THE GLORY IN EPHESIANS

by E.H. Clayton


Superficially, it would appear that a direct statement as to justification, by faith, is not made in the opening statements of the Ephesian epistle. Yet that which is fully equal is very evident, for God's choice of the ecclesia, made before the disruption of the world, is so worded as to be an anticipation of it, one which warrants the verdict of justification. Justification, before our God, requires the basis stated by the words "holy and flawless."

In chapter one, verse four, of Ephesians, God's choice is stated thus: "We to be holy and flawless in His sight." This corresponds to His love, which designates to us, beforehand, the place of a son for Himself, through Christ Jesus. We are, indeed, preserved to this by the righteous ways of the God and Father of our Lord Jesus Christ. In these words is expressed a glory and a choice which gives each member a relation to His will and so to holiness and to flawlessness which is preserved to us in Christ, for they are agreeable to the place of a son. This place and its glory is not marred by what ensued out of the disruption. This must be the initial sense of these words which introduce us into the glory of the counsels of our God.
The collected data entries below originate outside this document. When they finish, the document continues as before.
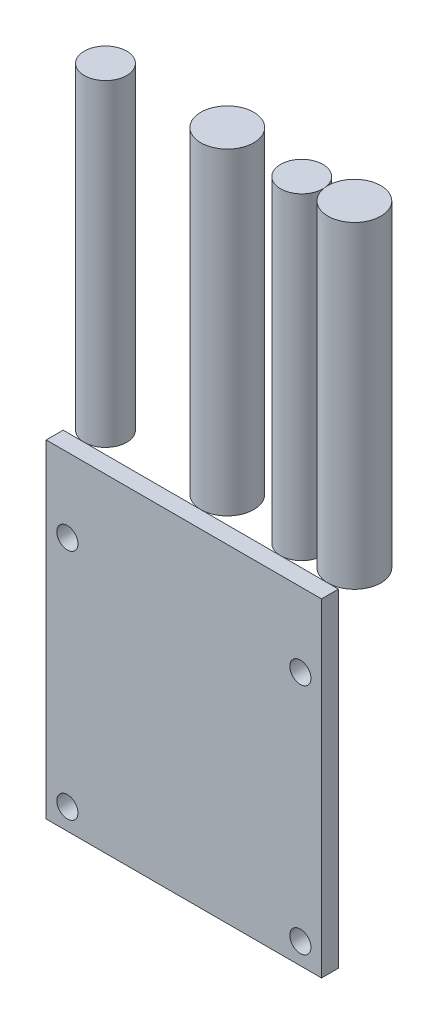
ISO-10303-21;
HEADER;
FILE_DESCRIPTION(('STEP AP214'),'2;1');
FILE_NAME('part.step','',(''),(''),'','','');
FILE_SCHEMA(('AUTOMOTIVE_DESIGN { 1 0 10303 214 1 1 1 1 }'));
ENDSEC;
DATA;
#1=APPLICATION_CONTEXT('core data for automotive mechanical design processes');
#2=APPLICATION_PROTOCOL_DEFINITION('international standard','automotive_design',2000,#1);
#3=PRODUCT_CONTEXT('',#1,'mechanical');
#4=PRODUCT('Part','Part','',(#3));
#5=PRODUCT_RELATED_PRODUCT_CATEGORY('part','',(#4));
#6=PRODUCT_DEFINITION_FORMATION('','',#4);
#7=PRODUCT_DEFINITION_CONTEXT('part definition',#1,'design');
#8=PRODUCT_DEFINITION('design','',#6,#7);
#9=PRODUCT_DEFINITION_SHAPE('','',#8);
#10=(LENGTH_UNIT() NAMED_UNIT(*) SI_UNIT(.MILLI.,.METRE.));
#11=(NAMED_UNIT(*) PLANE_ANGLE_UNIT() SI_UNIT($,.RADIAN.));
#12=(NAMED_UNIT(*) SI_UNIT($,.STERADIAN.) SOLID_ANGLE_UNIT());
#13=UNCERTAINTY_MEASURE_WITH_UNIT(LENGTH_MEASURE(1.E-05),#10,'distance_accuracy_value','');
#14=(GEOMETRIC_REPRESENTATION_CONTEXT(3) GLOBAL_UNCERTAINTY_ASSIGNED_CONTEXT((#13)) GLOBAL_UNIT_ASSIGNED_CONTEXT((#10,
#11,#12)) REPRESENTATION_CONTEXT('',''));
#15=CARTESIAN_POINT('',(0.,0.,0.));
#16=DIRECTION('',(0.,0.,1.));
#17=DIRECTION('',(1.,0.,0.));
#18=AXIS2_PLACEMENT_3D('',#15,#16,#17);
#19=CARTESIAN_POINT('',(12.,45.5,-3.3));
#20=DIRECTION('',(0.,-1.,0.));
#21=DIRECTION('',(0.,0.,-1.));
#22=AXIS2_PLACEMENT_3D('',#19,#20,#21);
#23=CYLINDRICAL_SURFACE('',#22,2.5);
#24=CARTESIAN_POINT('',(12.,45.5,-3.3));
#25=DIRECTION('',(0.,1.,0.));
#26=DIRECTION('',(0.,0.,1.));
#27=AXIS2_PLACEMENT_3D('',#24,#25,#26);
#28=CIRCLE('',#27,2.5);
#29=CARTESIAN_POINT('',(12.,45.5,-0.799999999999999));
#30=VERTEX_POINT('',#29);
#31=EDGE_CURVE('E12',#30,#30,#28,.T.);
#32=ORIENTED_EDGE('',*,*,#31,.F.);
#33=EDGE_LOOP('',(#32));
#34=FACE_BOUND('',#33,.T.);
#35=CARTESIAN_POINT('',(12.,15.5,-3.3));
#36=DIRECTION('',(0.,1.,0.));
#37=DIRECTION('',(0.,0.,1.));
#38=AXIS2_PLACEMENT_3D('',#35,#36,#37);
#39=CIRCLE('',#38,2.5);
#40=CARTESIAN_POINT('',(12.,15.5,-0.799999999999999));
#41=VERTEX_POINT('',#40);
#42=EDGE_CURVE('E53',#41,#41,#39,.T.);
#43=ORIENTED_EDGE('',*,*,#42,.T.);
#44=EDGE_LOOP('',(#43));
#45=FACE_BOUND('',#44,.T.);
#46=ADVANCED_FACE('F50',(#34,#45),#23,.T.);
#47=CARTESIAN_POINT('',(0.,45.5,0.));
#48=DIRECTION('',(0.,1.,0.));
#49=DIRECTION('',(0.,0.,1.));
#50=AXIS2_PLACEMENT_3D('',#47,#48,#49);
#51=PLANE('',#50);
#52=ORIENTED_EDGE('',*,*,#31,.T.);
#53=EDGE_LOOP('',(#52));
#54=FACE_BOUND('',#53,.T.);
#55=ADVANCED_FACE('F65',(#54),#51,.T.);
#56=CARTESIAN_POINT('',(0.,15.5,0.));
#57=DIRECTION('',(0.,1.,0.));
#58=DIRECTION('',(0.,0.,1.));
#59=AXIS2_PLACEMENT_3D('',#56,#57,#58);
#60=PLANE('',#59);
#61=ORIENTED_EDGE('',*,*,#42,.F.);
#62=EDGE_LOOP('',(#61));
#63=FACE_BOUND('',#62,.T.);
#64=ADVANCED_FACE('F63',(#63),#60,.F.);
#65=CLOSED_SHELL('',(#46,#55,#64));
#66=MANIFOLD_SOLID_BREP('B2',#65);
#67=CARTESIAN_POINT('',(7.52786404500042,45.5,-2.8));
#68=DIRECTION('',(0.,-1.,0.));
#69=DIRECTION('',(0.,0.,-1.));
#70=AXIS2_PLACEMENT_3D('',#67,#68,#69);
#71=CYLINDRICAL_SURFACE('',#70,2.);
#72=CARTESIAN_POINT('',(7.52786404500042,45.5,-2.8));
#73=DIRECTION('',(0.,1.,0.));
#74=DIRECTION('',(0.,0.,1.));
#75=AXIS2_PLACEMENT_3D('',#72,#73,#74);
#76=CIRCLE('',#75,2.);
#77=CARTESIAN_POINT('',(7.52786404500042,45.5,-0.8));
#78=VERTEX_POINT('',#77);
#79=EDGE_CURVE('E49',#78,#78,#76,.T.);
#80=ORIENTED_EDGE('',*,*,#79,.F.);
#81=EDGE_LOOP('',(#80));
#82=FACE_BOUND('',#81,.T.);
#83=CARTESIAN_POINT('',(7.52786404500042,15.5,-2.8));
#84=DIRECTION('',(0.,1.,0.));
#85=DIRECTION('',(0.,0.,1.));
#86=AXIS2_PLACEMENT_3D('',#83,#84,#85);
#87=CIRCLE('',#86,2.);
#88=CARTESIAN_POINT('',(7.52786404500042,15.5,-0.8));
#89=VERTEX_POINT('',#88);
#90=EDGE_CURVE('E102',#89,#89,#87,.T.);
#91=ORIENTED_EDGE('',*,*,#90,.T.);
#92=EDGE_LOOP('',(#91));
#93=FACE_BOUND('',#92,.T.);
#94=ADVANCED_FACE('F99',(#82,#93),#71,.T.);
#95=CARTESIAN_POINT('',(0.,45.5,0.));
#96=DIRECTION('',(0.,1.,0.));
#97=DIRECTION('',(0.,0.,1.));
#98=AXIS2_PLACEMENT_3D('',#95,#96,#97);
#99=PLANE('',#98);
#100=ORIENTED_EDGE('',*,*,#79,.T.);
#101=EDGE_LOOP('',(#100));
#102=FACE_BOUND('',#101,.T.);
#103=ADVANCED_FACE('F114',(#102),#99,.T.);
#104=CARTESIAN_POINT('',(0.,15.5,0.));
#105=DIRECTION('',(0.,1.,0.));
#106=DIRECTION('',(0.,0.,1.));
#107=AXIS2_PLACEMENT_3D('',#104,#105,#106);
#108=PLANE('',#107);
#109=ORIENTED_EDGE('',*,*,#90,.F.);
#110=EDGE_LOOP('',(#109));
#111=FACE_BOUND('',#110,.T.);
#112=ADVANCED_FACE('F112',(#111),#108,.F.);
#113=CLOSED_SHELL('',(#94,#103,#112));
#114=MANIFOLD_SOLID_BREP('B7',#113);
#115=CARTESIAN_POINT('',(0.,45.5,-3.3));
#116=DIRECTION('',(0.,-1.,0.));
#117=DIRECTION('',(0.,0.,-1.));
#118=AXIS2_PLACEMENT_3D('',#115,#116,#117);
#119=CYLINDRICAL_SURFACE('',#118,2.5);
#120=CARTESIAN_POINT('',(0.,45.5,-3.3));
#121=DIRECTION('',(0.,1.,0.));
#122=DIRECTION('',(0.,0.,1.));
#123=AXIS2_PLACEMENT_3D('',#120,#121,#122);
#124=CIRCLE('',#123,2.5);
#125=CARTESIAN_POINT('',(0.,45.5,-0.799999999999999));
#126=VERTEX_POINT('',#125);
#127=EDGE_CURVE('E98',#126,#126,#124,.T.);
#128=ORIENTED_EDGE('',*,*,#127,.F.);
#129=EDGE_LOOP('',(#128));
#130=FACE_BOUND('',#129,.T.);
#131=CARTESIAN_POINT('',(0.,15.5,-3.3));
#132=DIRECTION('',(0.,1.,0.));
#133=DIRECTION('',(0.,0.,1.));
#134=AXIS2_PLACEMENT_3D('',#131,#132,#133);
#135=CIRCLE('',#134,2.5);
#136=CARTESIAN_POINT('',(0.,15.5,-0.799999999999999));
#137=VERTEX_POINT('',#136);
#138=EDGE_CURVE('E151',#137,#137,#135,.T.);
#139=ORIENTED_EDGE('',*,*,#138,.T.);
#140=EDGE_LOOP('',(#139));
#141=FACE_BOUND('',#140,.T.);
#142=ADVANCED_FACE('F148',(#130,#141),#119,.T.);
#143=CARTESIAN_POINT('',(0.,45.5,0.));
#144=DIRECTION('',(0.,1.,0.));
#145=DIRECTION('',(0.,0.,1.));
#146=AXIS2_PLACEMENT_3D('',#143,#144,#145);
#147=PLANE('',#146);
#148=ORIENTED_EDGE('',*,*,#127,.T.);
#149=EDGE_LOOP('',(#148));
#150=FACE_BOUND('',#149,.T.);
#151=ADVANCED_FACE('F163',(#150),#147,.T.);
#152=CARTESIAN_POINT('',(0.,15.5,0.));
#153=DIRECTION('',(0.,1.,0.));
#154=DIRECTION('',(0.,0.,1.));
#155=AXIS2_PLACEMENT_3D('',#152,#153,#154);
#156=PLANE('',#155);
#157=ORIENTED_EDGE('',*,*,#138,.F.);
#158=EDGE_LOOP('',(#157));
#159=FACE_BOUND('',#158,.T.);
#160=ADVANCED_FACE('F161',(#159),#156,.F.);
#161=CLOSED_SHELL('',(#142,#151,#160));
#162=MANIFOLD_SOLID_BREP('B44',#161);
#163=CARTESIAN_POINT('',(-11.,45.5,-2.8));
#164=DIRECTION('',(0.,-1.,0.));
#165=DIRECTION('',(0.,0.,-1.));
#166=AXIS2_PLACEMENT_3D('',#163,#164,#165);
#167=CYLINDRICAL_SURFACE('',#166,2.);
#168=CARTESIAN_POINT('',(-11.,45.5,-2.8));
#169=DIRECTION('',(0.,1.,0.));
#170=DIRECTION('',(0.,0.,1.));
#171=AXIS2_PLACEMENT_3D('',#168,#169,#170);
#172=CIRCLE('',#171,2.);
#173=CARTESIAN_POINT('',(-11.,45.5,-0.8));
#174=VERTEX_POINT('',#173);
#175=EDGE_CURVE('E147',#174,#174,#172,.T.);
#176=ORIENTED_EDGE('',*,*,#175,.F.);
#177=EDGE_LOOP('',(#176));
#178=FACE_BOUND('',#177,.T.);
#179=CARTESIAN_POINT('',(-11.,15.5,-2.8));
#180=DIRECTION('',(0.,1.,0.));
#181=DIRECTION('',(0.,0.,1.));
#182=AXIS2_PLACEMENT_3D('',#179,#180,#181);
#183=CIRCLE('',#182,2.);
#184=CARTESIAN_POINT('',(-11.,15.5,-0.8));
#185=VERTEX_POINT('',#184);
#186=EDGE_CURVE('E201',#185,#185,#183,.T.);
#187=ORIENTED_EDGE('',*,*,#186,.T.);
#188=EDGE_LOOP('',(#187));
#189=FACE_BOUND('',#188,.T.);
#190=ADVANCED_FACE('F198',(#178,#189),#167,.T.);
#191=CARTESIAN_POINT('',(0.,45.5,0.));
#192=DIRECTION('',(0.,1.,0.));
#193=DIRECTION('',(0.,0.,1.));
#194=AXIS2_PLACEMENT_3D('',#191,#192,#193);
#195=PLANE('',#194);
#196=ORIENTED_EDGE('',*,*,#175,.T.);
#197=EDGE_LOOP('',(#196));
#198=FACE_BOUND('',#197,.T.);
#199=ADVANCED_FACE('F213',(#198),#195,.T.);
#200=CARTESIAN_POINT('',(0.,15.5,0.));
#201=DIRECTION('',(0.,1.,0.));
#202=DIRECTION('',(0.,0.,1.));
#203=AXIS2_PLACEMENT_3D('',#200,#201,#202);
#204=PLANE('',#203);
#205=ORIENTED_EDGE('',*,*,#186,.F.);
#206=EDGE_LOOP('',(#205));
#207=FACE_BOUND('',#206,.T.);
#208=ADVANCED_FACE('F211',(#207),#204,.F.);
#209=CLOSED_SHELL('',(#190,#199,#208));
#210=MANIFOLD_SOLID_BREP('B93',#209);
#211=CARTESIAN_POINT('',(0.,0.,0.8));
#212=DIRECTION('',(0.,0.,-1.));
#213=DIRECTION('',(-1.,0.,0.));
#214=AXIS2_PLACEMENT_3D('',#211,#212,#213);
#215=PLANE('',#214);
#216=DIRECTION('',(0.,1.,0.));
#217=VECTOR('',#216,1.);
#218=CARTESIAN_POINT('',(13.,-15.5,0.8));
#219=LINE('',#218,#217);
#220=CARTESIAN_POINT('',(13.,-15.5,0.8));
#221=VERTEX_POINT('',#220);
#222=CARTESIAN_POINT('',(13.,15.5,0.8));
#223=VERTEX_POINT('',#222);
#224=EDGE_CURVE('E291',#221,#223,#219,.T.);
#225=ORIENTED_EDGE('',*,*,#224,.T.);
#226=DIRECTION('',(-1.,0.,0.));
#227=VECTOR('',#226,1.);
#228=CARTESIAN_POINT('',(-13.,15.5,0.8));
#229=LINE('',#228,#227);
#230=CARTESIAN_POINT('',(-13.,15.5,0.8));
#231=VERTEX_POINT('',#230);
#232=EDGE_CURVE('E286',#223,#231,#229,.T.);
#233=ORIENTED_EDGE('',*,*,#232,.T.);
#234=DIRECTION('',(0.,-1.,0.));
#235=VECTOR('',#234,1.);
#236=CARTESIAN_POINT('',(-13.,-15.5,0.8));
#237=LINE('',#236,#235);
#238=CARTESIAN_POINT('',(-13.,-15.5,0.8));
#239=VERTEX_POINT('',#238);
#240=EDGE_CURVE('E289',#231,#239,#237,.T.);
#241=ORIENTED_EDGE('',*,*,#240,.T.);
#242=DIRECTION('',(1.,0.,0.));
#243=VECTOR('',#242,1.);
#244=CARTESIAN_POINT('',(-13.,-15.5,0.8));
#245=LINE('',#244,#243);
#246=EDGE_CURVE('E256',#239,#221,#245,.T.);
#247=ORIENTED_EDGE('',*,*,#246,.T.);
#248=EDGE_LOOP('',(#225,#233,#241,#247));
#249=FACE_BOUND('',#248,.T.);
#250=CARTESIAN_POINT('',(-11.,-13.5,0.8));
#251=DIRECTION('',(0.,0.,1.));
#252=DIRECTION('',(1.,0.,0.));
#253=AXIS2_PLACEMENT_3D('',#250,#251,#252);
#254=CIRCLE('',#253,0.999999999999998);
#255=CARTESIAN_POINT('',(-10.,-13.5,0.8));
#256=VERTEX_POINT('',#255);
#257=EDGE_CURVE('E306',#256,#256,#254,.T.);
#258=ORIENTED_EDGE('',*,*,#257,.F.);
#259=EDGE_LOOP('',(#258));
#260=FACE_BOUND('',#259,.T.);
#261=CARTESIAN_POINT('',(11.,-13.5,0.8));
#262=DIRECTION('',(0.,0.,1.));
#263=DIRECTION('',(-1.,0.,0.));
#264=AXIS2_PLACEMENT_3D('',#261,#262,#263);
#265=CIRCLE('',#264,0.999999999999998);
#266=CARTESIAN_POINT('',(10.,-13.5,0.8));
#267=VERTEX_POINT('',#266);
#268=EDGE_CURVE('E321',#267,#267,#265,.T.);
#269=ORIENTED_EDGE('',*,*,#268,.F.);
#270=EDGE_LOOP('',(#269));
#271=FACE_BOUND('',#270,.T.);
#272=CARTESIAN_POINT('',(11.,8.5,0.8));
#273=DIRECTION('',(0.,0.,1.));
#274=DIRECTION('',(1.,0.,0.));
#275=AXIS2_PLACEMENT_3D('',#272,#273,#274);
#276=CIRCLE('',#275,1.);
#277=CARTESIAN_POINT('',(12.,8.5,0.8));
#278=VERTEX_POINT('',#277);
#279=EDGE_CURVE('E327',#278,#278,#276,.T.);
#280=ORIENTED_EDGE('',*,*,#279,.F.);
#281=EDGE_LOOP('',(#280));
#282=FACE_BOUND('',#281,.T.);
#283=CARTESIAN_POINT('',(-11.,8.5,0.8));
#284=DIRECTION('',(0.,0.,1.));
#285=DIRECTION('',(-1.,0.,0.));
#286=AXIS2_PLACEMENT_3D('',#283,#284,#285);
#287=CIRCLE('',#286,1.);
#288=CARTESIAN_POINT('',(-12.,8.5,0.8));
#289=VERTEX_POINT('',#288);
#290=EDGE_CURVE('E333',#289,#289,#287,.T.);
#291=ORIENTED_EDGE('',*,*,#290,.F.);
#292=EDGE_LOOP('',(#291));
#293=FACE_BOUND('',#292,.T.);
#294=ADVANCED_FACE('F239',(#249,#260,#271,#282,#293),#215,.F.);
#295=CARTESIAN_POINT('',(0.,0.,-0.8));
#296=DIRECTION('',(0.,0.,-1.));
#297=DIRECTION('',(-1.,0.,0.));
#298=AXIS2_PLACEMENT_3D('',#295,#296,#297);
#299=PLANE('',#298);
#300=CARTESIAN_POINT('',(11.,8.5,-0.8));
#301=DIRECTION('',(0.,0.,1.));
#302=DIRECTION('',(1.,0.,0.));
#303=AXIS2_PLACEMENT_3D('',#300,#301,#302);
#304=CIRCLE('',#303,1.);
#305=CARTESIAN_POINT('',(12.,8.5,-0.8));
#306=VERTEX_POINT('',#305);
#307=EDGE_CURVE('E330',#306,#306,#304,.T.);
#308=ORIENTED_EDGE('',*,*,#307,.T.);
#309=EDGE_LOOP('',(#308));
#310=FACE_BOUND('',#309,.T.);
#311=CARTESIAN_POINT('',(-11.,-13.5,-0.8));
#312=DIRECTION('',(0.,0.,1.));
#313=DIRECTION('',(1.,0.,0.));
#314=AXIS2_PLACEMENT_3D('',#311,#312,#313);
#315=CIRCLE('',#314,0.999999999999998);
#316=CARTESIAN_POINT('',(-10.,-13.5,-0.8));
#317=VERTEX_POINT('',#316);
#318=EDGE_CURVE('E318',#317,#317,#315,.T.);
#319=ORIENTED_EDGE('',*,*,#318,.T.);
#320=EDGE_LOOP('',(#319));
#321=FACE_BOUND('',#320,.T.);
#322=DIRECTION('',(0.,1.,0.));
#323=VECTOR('',#322,1.);
#324=CARTESIAN_POINT('',(13.,-15.5,-0.8));
#325=LINE('',#324,#323);
#326=CARTESIAN_POINT('',(13.,-15.5,-0.8));
#327=VERTEX_POINT('',#326);
#328=CARTESIAN_POINT('',(13.,15.5,-0.8));
#329=VERTEX_POINT('',#328);
#330=EDGE_CURVE('E303',#327,#329,#325,.T.);
#331=ORIENTED_EDGE('',*,*,#330,.F.);
#332=DIRECTION('',(1.,0.,0.));
#333=VECTOR('',#332,1.);
#334=CARTESIAN_POINT('',(-13.,-15.5,-0.8));
#335=LINE('',#334,#333);
#336=CARTESIAN_POINT('',(-13.,-15.5,-0.8));
#337=VERTEX_POINT('',#336);
#338=EDGE_CURVE('E279',#337,#327,#335,.T.);
#339=ORIENTED_EDGE('',*,*,#338,.F.);
#340=DIRECTION('',(0.,-1.,0.));
#341=VECTOR('',#340,1.);
#342=CARTESIAN_POINT('',(-13.,-15.5,-0.8));
#343=LINE('',#342,#341);
#344=CARTESIAN_POINT('',(-13.,15.5,-0.8));
#345=VERTEX_POINT('',#344);
#346=EDGE_CURVE('E273',#345,#337,#343,.T.);
#347=ORIENTED_EDGE('',*,*,#346,.F.);
#348=DIRECTION('',(-1.,0.,0.));
#349=VECTOR('',#348,1.);
#350=CARTESIAN_POINT('',(-13.,15.5,-0.8));
#351=LINE('',#350,#349);
#352=EDGE_CURVE('E295',#329,#345,#351,.T.);
#353=ORIENTED_EDGE('',*,*,#352,.F.);
#354=EDGE_LOOP('',(#331,#339,#347,#353));
#355=FACE_BOUND('',#354,.T.);
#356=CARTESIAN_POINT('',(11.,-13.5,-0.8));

The choice to such a height was made before any other character existed as a possibility for us; in fact, the character is formulated for us in the counsels of God with Himself, in His solitariness. Not only does it tell the glory needed by each member of the body of Christ, but the infinitive (to be) continues it, despite the issue coming from the disruption. We were engulfed in a sense other than that of holiness and flawlessness, certainly not so as to destroy those matters to us. His intentions are never prevented or frustrated.

The words expressing the character attached to the choice are the values required for the actuality of the verdict of justification by the faith of Jesus Christ. Such words were told for His faith, and they were formulated by God's righteousness for His ways amidst creation. These Jesus Christ undertook amidst His obedience and His faith. The words express the choice, and show the glorious and blessed stature preserved to us who are His body and by the service of whom He, the Head, will bring back the celestials into subjection to Himself and thus to His God and Father.

The estrangement became a matter due to circumstances promoted out of the relationship into which the disruption brought humanity. Through the disruption there came to be created the position whereby we, in our connection with humanity, needed the "forgiveness of offenses." The deliverance "through His blood" deals effectively with that aspect of matters, akin to His love, rather than His righteousness.

Righteousness is asserted of us, for to that His faith maintains each member, and so, with the deliverance out of the midst of offenses, we are in all the grandeur of the stature of the place of a son, fitted into the secret of God's will, which had been kept in the depths of God during prior eonian times, ready to be revealed in due course.

That our lot had been cast into that of Christ has been maintained by Him, for due to His faith He became Christ Jesus, on Whom His God and Father had bestowed the headship of the universe, by placing creation in Him, and thus exalting Him to be the Image of the invisible God. In that capacity was His headship shown, and by His personal glory was it maintained. The exaltation which God gave to the Firstborn of creation, this was truly esteemed and filled buy that One. It became the august detail which the adversary took to be the question of the universe; he queried the headship of the Son. But it is in the capacity as Head of the Universe that He is given to the ecclesia, for, indeed, by the ecclesia He will yet complete all.

Since our God made His choice of the ecclesia so early, they were almost kept as a separate unit for Himself. Thus is His word able to say of Him Who is Head over all, that He was given, in this capacity of Head, to the ecclesia. It is thus the leading company of creation to acknowledge the glory accorded to the One Who was the FIRSTBORN OF CREATION. Should not such glory stress to us the adult stature which is given to each member of the ecclesia ? It is needful that we discern and realize thus, for so may we realize necessity for growth into Him in this capacity to Head up all. With that glory we are His associates.